Charles Morris first earned an engineering degree from Northwestern University in Chicago. He then obtained his doctorate (Ph.D.) from the University of Chicago under George Herbert Mead , who is considered the founder of social psychology and who advocated pragmatism in philosophy . Morris first taught from 1925 to 1931 at Rice University / Houston, Texas, then in Chicago from 1931 to 1958 and finally at the University of Florida in Gainesville. Morris chaired the Western Division of the American Philosophical Association and was a member of the American Academy of Arts and Sciences (1952).

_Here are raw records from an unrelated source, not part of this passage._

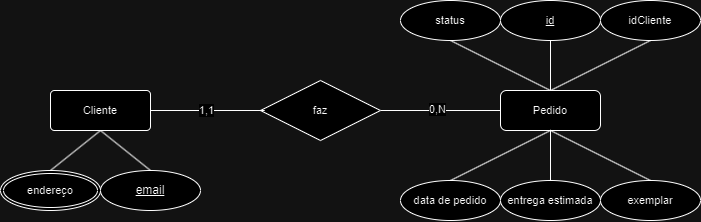

The diagram above was exported from draw.io. Its source (the exported page's mxGraphModel, read from the mxfile embedded in the PNG):
<mxGraphModel dx="1695" dy="473" grid="1" gridSize="10" guides="1" tooltips="1" connect="1" arrows="1" fold="1" page="1" pageScale="1" pageWidth="827" pageHeight="1169" math="0" shadow="0">
  <root>
    <mxCell id="0" />
    <mxCell id="1" parent="0" />
    <mxCell id="X0NSFRz2cGyLY34zxgoi-2" style="edgeStyle=none;shape=connector;rounded=0;orthogonalLoop=1;jettySize=auto;html=1;exitX=0.5;exitY=1;exitDx=0;exitDy=0;strokeColor=default;align=center;verticalAlign=middle;fontFamily=Helvetica;fontSize=11;fontColor=default;labelBackgroundColor=default;endArrow=none;endFill=0;entryX=0.5;entryY=0;entryDx=0;entryDy=0;" parent="1" source="X0NSFRz2cGyLY34zxgoi-4" target="rK1u3haONr77ZrRFKtzX-1" edge="1">
      <mxGeometry relative="1" as="geometry">
        <mxPoint x="120" y="310" as="targetPoint" />
      </mxGeometry>
    </mxCell>
    <mxCell id="X0NSFRz2cGyLY34zxgoi-3" style="edgeStyle=none;shape=connector;rounded=0;orthogonalLoop=1;jettySize=auto;html=1;strokeColor=default;align=center;verticalAlign=middle;fontFamily=Helvetica;fontSize=11;fontColor=default;labelBackgroundColor=default;endArrow=none;endFill=0;entryX=0.5;entryY=0;entryDx=0;entryDy=0;exitX=0.5;exitY=1;exitDx=0;exitDy=0;" parent="1" source="X0NSFRz2cGyLY34zxgoi-4" target="X0NSFRz2cGyLY34zxgoi-12" edge="1">
      <mxGeometry relative="1" as="geometry">
        <mxPoint x="-90" y="250" as="targetPoint" />
        <Array as="points" />
      </mxGeometry>
    </mxCell>
    <mxCell id="X0NSFRz2cGyLY34zxgoi-4" value="Cliente" style="rounded=1;arcSize=10;whiteSpace=wrap;html=1;align=center;fontFamily=Helvetica;fontSize=11;fontColor=default;labelBackgroundColor=default;" parent="1" vertex="1">
      <mxGeometry x="20" y="230" width="100" height="40" as="geometry" />
    </mxCell>
    <mxCell id="X0NSFRz2cGyLY34zxgoi-6" style="edgeStyle=none;shape=connector;rounded=0;orthogonalLoop=1;jettySize=auto;html=1;strokeColor=default;align=center;verticalAlign=middle;fontFamily=Helvetica;fontSize=11;fontColor=default;labelBackgroundColor=default;endArrow=none;endFill=0;" parent="1" source="X0NSFRz2cGyLY34zxgoi-8" target="X0NSFRz2cGyLY34zxgoi-14" edge="1">
      <mxGeometry relative="1" as="geometry" />
    </mxCell>
    <mxCell id="X0NSFRz2cGyLY34zxgoi-7" value="0,N" style="edgeLabel;html=1;align=center;verticalAlign=middle;resizable=0;points=[];fontFamily=Helvetica;fontSize=11;fontColor=default;labelBackgroundColor=default;" parent="X0NSFRz2cGyLY34zxgoi-6" vertex="1" connectable="0">
      <mxGeometry x="-0.0602" y="1" relative="1" as="geometry">
        <mxPoint as="offset" />
      </mxGeometry>
    </mxCell>
    <mxCell id="X0NSFRz2cGyLY34zxgoi-8" value="faz" style="shape=rhombus;perimeter=rhombusPerimeter;whiteSpace=wrap;html=1;align=center;fontFamily=Helvetica;fontSize=11;fontColor=default;labelBackgroundColor=default;" parent="1" vertex="1">
      <mxGeometry x="230" y="220" width="120" height="60" as="geometry" />
    </mxCell>
    <mxCell id="X0NSFRz2cGyLY34zxgoi-9" style="edgeStyle=none;shape=connector;rounded=0;orthogonalLoop=1;jettySize=auto;html=1;exitX=1;exitY=0.5;exitDx=0;exitDy=0;entryX=0.035;entryY=0.5;entryDx=0;entryDy=0;entryPerimeter=0;strokeColor=default;align=center;verticalAlign=middle;fontFamily=Helvetica;fontSize=11;fontColor=default;labelBackgroundColor=default;endArrow=none;endFill=0;" parent="1" source="X0NSFRz2cGyLY34zxgoi-4" target="X0NSFRz2cGyLY34zxgoi-8" edge="1">
      <mxGeometry relative="1" as="geometry">
        <mxPoint x="150" y="250" as="sourcePoint" />
      </mxGeometry>
    </mxCell>
    <mxCell id="X0NSFRz2cGyLY34zxgoi-10" value="1,1" style="edgeLabel;html=1;align=center;verticalAlign=middle;resizable=0;points=[];fontFamily=Helvetica;fontSize=11;fontColor=default;labelBackgroundColor=default;" parent="X0NSFRz2cGyLY34zxgoi-9" connectable="0" vertex="1">
      <mxGeometry x="-0.7102" relative="1" as="geometry">
        <mxPoint x="39" as="offset" />
      </mxGeometry>
    </mxCell>
    <mxCell id="X0NSFRz2cGyLY34zxgoi-12" value="endereço" style="ellipse;shape=doubleEllipse;margin=3;whiteSpace=wrap;html=1;align=center;fontFamily=Helvetica;fontSize=11;fontColor=default;labelBackgroundColor=default;" parent="1" vertex="1">
      <mxGeometry x="-30" y="310" width="100" height="40" as="geometry" />
    </mxCell>
    <mxCell id="X0NSFRz2cGyLY34zxgoi-13" style="edgeStyle=none;shape=connector;rounded=0;orthogonalLoop=1;jettySize=auto;html=1;entryX=0.5;entryY=0;entryDx=0;entryDy=0;strokeColor=default;align=center;verticalAlign=middle;fontFamily=Helvetica;fontSize=11;fontColor=default;labelBackgroundColor=default;endArrow=none;endFill=0;exitX=0.5;exitY=1;exitDx=0;exitDy=0;" parent="1" source="X0NSFRz2cGyLY34zxgoi-14" target="X0NSFRz2cGyLY34zxgoi-17" edge="1">
      <mxGeometry relative="1" as="geometry" />
    </mxCell>
    <mxCell id="NLeQ25Ib8clORINCoWv7-3" style="edgeStyle=none;shape=connector;rounded=0;orthogonalLoop=1;jettySize=auto;html=1;entryX=0.5;entryY=1;entryDx=0;entryDy=0;strokeColor=default;align=center;verticalAlign=middle;fontFamily=Helvetica;fontSize=11;fontColor=default;labelBackgroundColor=default;endArrow=none;endFill=0;exitX=0.5;exitY=0;exitDx=0;exitDy=0;" parent="1" source="X0NSFRz2cGyLY34zxgoi-14" target="NLeQ25Ib8clORINCoWv7-2" edge="1">
      <mxGeometry relative="1" as="geometry" />
    </mxCell>
    <mxCell id="NLeQ25Ib8clORINCoWv7-4" style="edgeStyle=none;shape=connector;rounded=0;orthogonalLoop=1;jettySize=auto;html=1;strokeColor=default;align=center;verticalAlign=middle;fontFamily=Helvetica;fontSize=11;fontColor=default;labelBackgroundColor=default;endArrow=none;endFill=0;exitX=0.5;exitY=0;exitDx=0;exitDy=0;entryX=0.5;entryY=1;entryDx=0;entryDy=0;" parent="1" source="X0NSFRz2cGyLY34zxgoi-14" target="NLeQ25Ib8clORINCoWv7-1" edge="1">
      <mxGeometry relative="1" as="geometry" />
    </mxCell>
    <mxCell id="o1eX299kCtkXre33-SdN-2" style="edgeStyle=none;shape=connector;rounded=0;orthogonalLoop=1;jettySize=auto;html=1;entryX=0.5;entryY=1;entryDx=0;entryDy=0;strokeColor=default;align=center;verticalAlign=middle;fontFamily=Helvetica;fontSize=11;fontColor=default;labelBackgroundColor=default;endArrow=none;endFill=0;exitX=0.5;exitY=0;exitDx=0;exitDy=0;" edge="1" parent="1" source="X0NSFRz2cGyLY34zxgoi-14" target="o1eX299kCtkXre33-SdN-1">
      <mxGeometry relative="1" as="geometry" />
    </mxCell>
    <mxCell id="X0NSFRz2cGyLY34zxgoi-14" value="Pedido" style="whiteSpace=wrap;html=1;align=center;fontFamily=Helvetica;fontSize=11;fontColor=default;labelBackgroundColor=default;rounded=1;shadow=0;" parent="1" vertex="1">
      <mxGeometry x="470" y="230" width="100" height="40" as="geometry" />
    </mxCell>
    <mxCell id="X0NSFRz2cGyLY34zxgoi-15" style="edgeStyle=none;shape=connector;rounded=0;orthogonalLoop=1;jettySize=auto;html=1;strokeColor=default;align=center;verticalAlign=middle;fontFamily=Helvetica;fontSize=11;fontColor=default;labelBackgroundColor=default;endArrow=none;endFill=0;entryX=0.5;entryY=1;entryDx=0;entryDy=0;exitX=0.5;exitY=0;exitDx=0;exitDy=0;" parent="1" source="X0NSFRz2cGyLY34zxgoi-16" target="X0NSFRz2cGyLY34zxgoi-14" edge="1">
      <mxGeometry relative="1" as="geometry" />
    </mxCell>
    <mxCell id="X0NSFRz2cGyLY34zxgoi-16" value="exemplar" style="ellipse;whiteSpace=wrap;html=1;align=center;fontFamily=Helvetica;fontSize=11;fontColor=default;labelBackgroundColor=default;" parent="1" vertex="1">
      <mxGeometry x="570" y="320" width="100" height="40" as="geometry" />
    </mxCell>
    <mxCell id="X0NSFRz2cGyLY34zxgoi-17" value="entrega estimada" style="ellipse;whiteSpace=wrap;html=1;align=center;fontFamily=Helvetica;fontSize=11;fontColor=default;labelBackgroundColor=default;" parent="1" vertex="1">
      <mxGeometry x="470" y="320" width="100" height="40" as="geometry" />
    </mxCell>
    <mxCell id="X0NSFRz2cGyLY34zxgoi-18" style="edgeStyle=none;shape=connector;rounded=0;orthogonalLoop=1;jettySize=auto;html=1;strokeColor=default;align=center;verticalAlign=middle;fontFamily=Helvetica;fontSize=11;fontColor=default;labelBackgroundColor=default;endArrow=none;endFill=0;entryX=0.5;entryY=1;entryDx=0;entryDy=0;exitX=0.5;exitY=0;exitDx=0;exitDy=0;" parent="1" source="X0NSFRz2cGyLY34zxgoi-19" target="X0NSFRz2cGyLY34zxgoi-14" edge="1">
      <mxGeometry relative="1" as="geometry" />
    </mxCell>
    <mxCell id="X0NSFRz2cGyLY34zxgoi-19" value="data de pedido" style="ellipse;whiteSpace=wrap;html=1;align=center;fontFamily=Helvetica;fontSize=11;fontColor=default;labelBackgroundColor=default;" parent="1" vertex="1">
      <mxGeometry x="370" y="320" width="100" height="40" as="geometry" />
    </mxCell>
    <mxCell id="NLeQ25Ib8clORINCoWv7-1" value="status" style="ellipse;whiteSpace=wrap;html=1;align=center;fontFamily=Helvetica;fontSize=11;fontColor=default;labelBackgroundColor=default;" parent="1" vertex="1">
      <mxGeometry x="370" y="140" width="100" height="40" as="geometry" />
    </mxCell>
    <mxCell id="NLeQ25Ib8clORINCoWv7-2" value="id" style="ellipse;whiteSpace=wrap;html=1;align=center;fontFamily=Helvetica;fontSize=11;fontColor=default;labelBackgroundColor=default;fontStyle=4" parent="1" vertex="1">
      <mxGeometry x="470" y="140" width="100" height="40" as="geometry" />
    </mxCell>
    <mxCell id="rK1u3haONr77ZrRFKtzX-1" value="&lt;u&gt;email&lt;/u&gt;" style="ellipse;whiteSpace=wrap;html=1;align=center;" parent="1" vertex="1">
      <mxGeometry x="70" y="310" width="100" height="40" as="geometry" />
    </mxCell>
    <mxCell id="o1eX299kCtkXre33-SdN-1" value="idCliente" style="ellipse;whiteSpace=wrap;html=1;align=center;fontFamily=Helvetica;fontSize=11;fontColor=default;labelBackgroundColor=default;fontStyle=0" vertex="1" parent="1">
      <mxGeometry x="570" y="140" width="100" height="40" as="geometry" />
    </mxCell>
  </root>
</mxGraphModel>

Morris published his transcripts of George Herbert Mead's lectures and thus made a significant contribution to making them known.

In the 1930s, Morris supported the emigration of a number of German and Austrian philosophers to the United States. Among them was Rudolf Carnap , with whom he worked as a colleague in Chicago from 1936 to 1952. Morris was a member of the Unitiy of Science and, together with Carnap and Otto Neurath, co- edited the International Encyclopedia of Unified Science . This gave him close ties to the Vienna Circle .

Morris established his own direction of pragmatism . With his book Paths of Life: Preface to a World Religion 1942, he advocated a new form of religious belief. It was designed by C. Wright Mills as an escape attempt by the pragmatist philosopher against the acute socio-political problems, as an expression of self-alienation of the intellectuals.

An important student of Morris was the semiotic Thomas Sebeok .

Teaching

Sign concept

Morris advocated a pragmatic concept of a sign by replacing a concept or thought with a behavior: "A sign can best be characterized as follows: Z (sign carrier) is for a behavior I (interpretant) a sign of the object D (designate), provided I is a notice of D due to the occurrence of Z. " From this it followed for him for the term semiosis (signing process): "Accordingly, in semiosis, something takes notice of something else indirectly, that is, through the mediation of something third. A semiosis is thus an indirect-taking-notice-of are sign carriers; the notices are interpreters; the actors in this process are interpreters; that which is taken notice of are designates. "

Interpretant

Morris conceptually distinguished the interpreter from the interpreter.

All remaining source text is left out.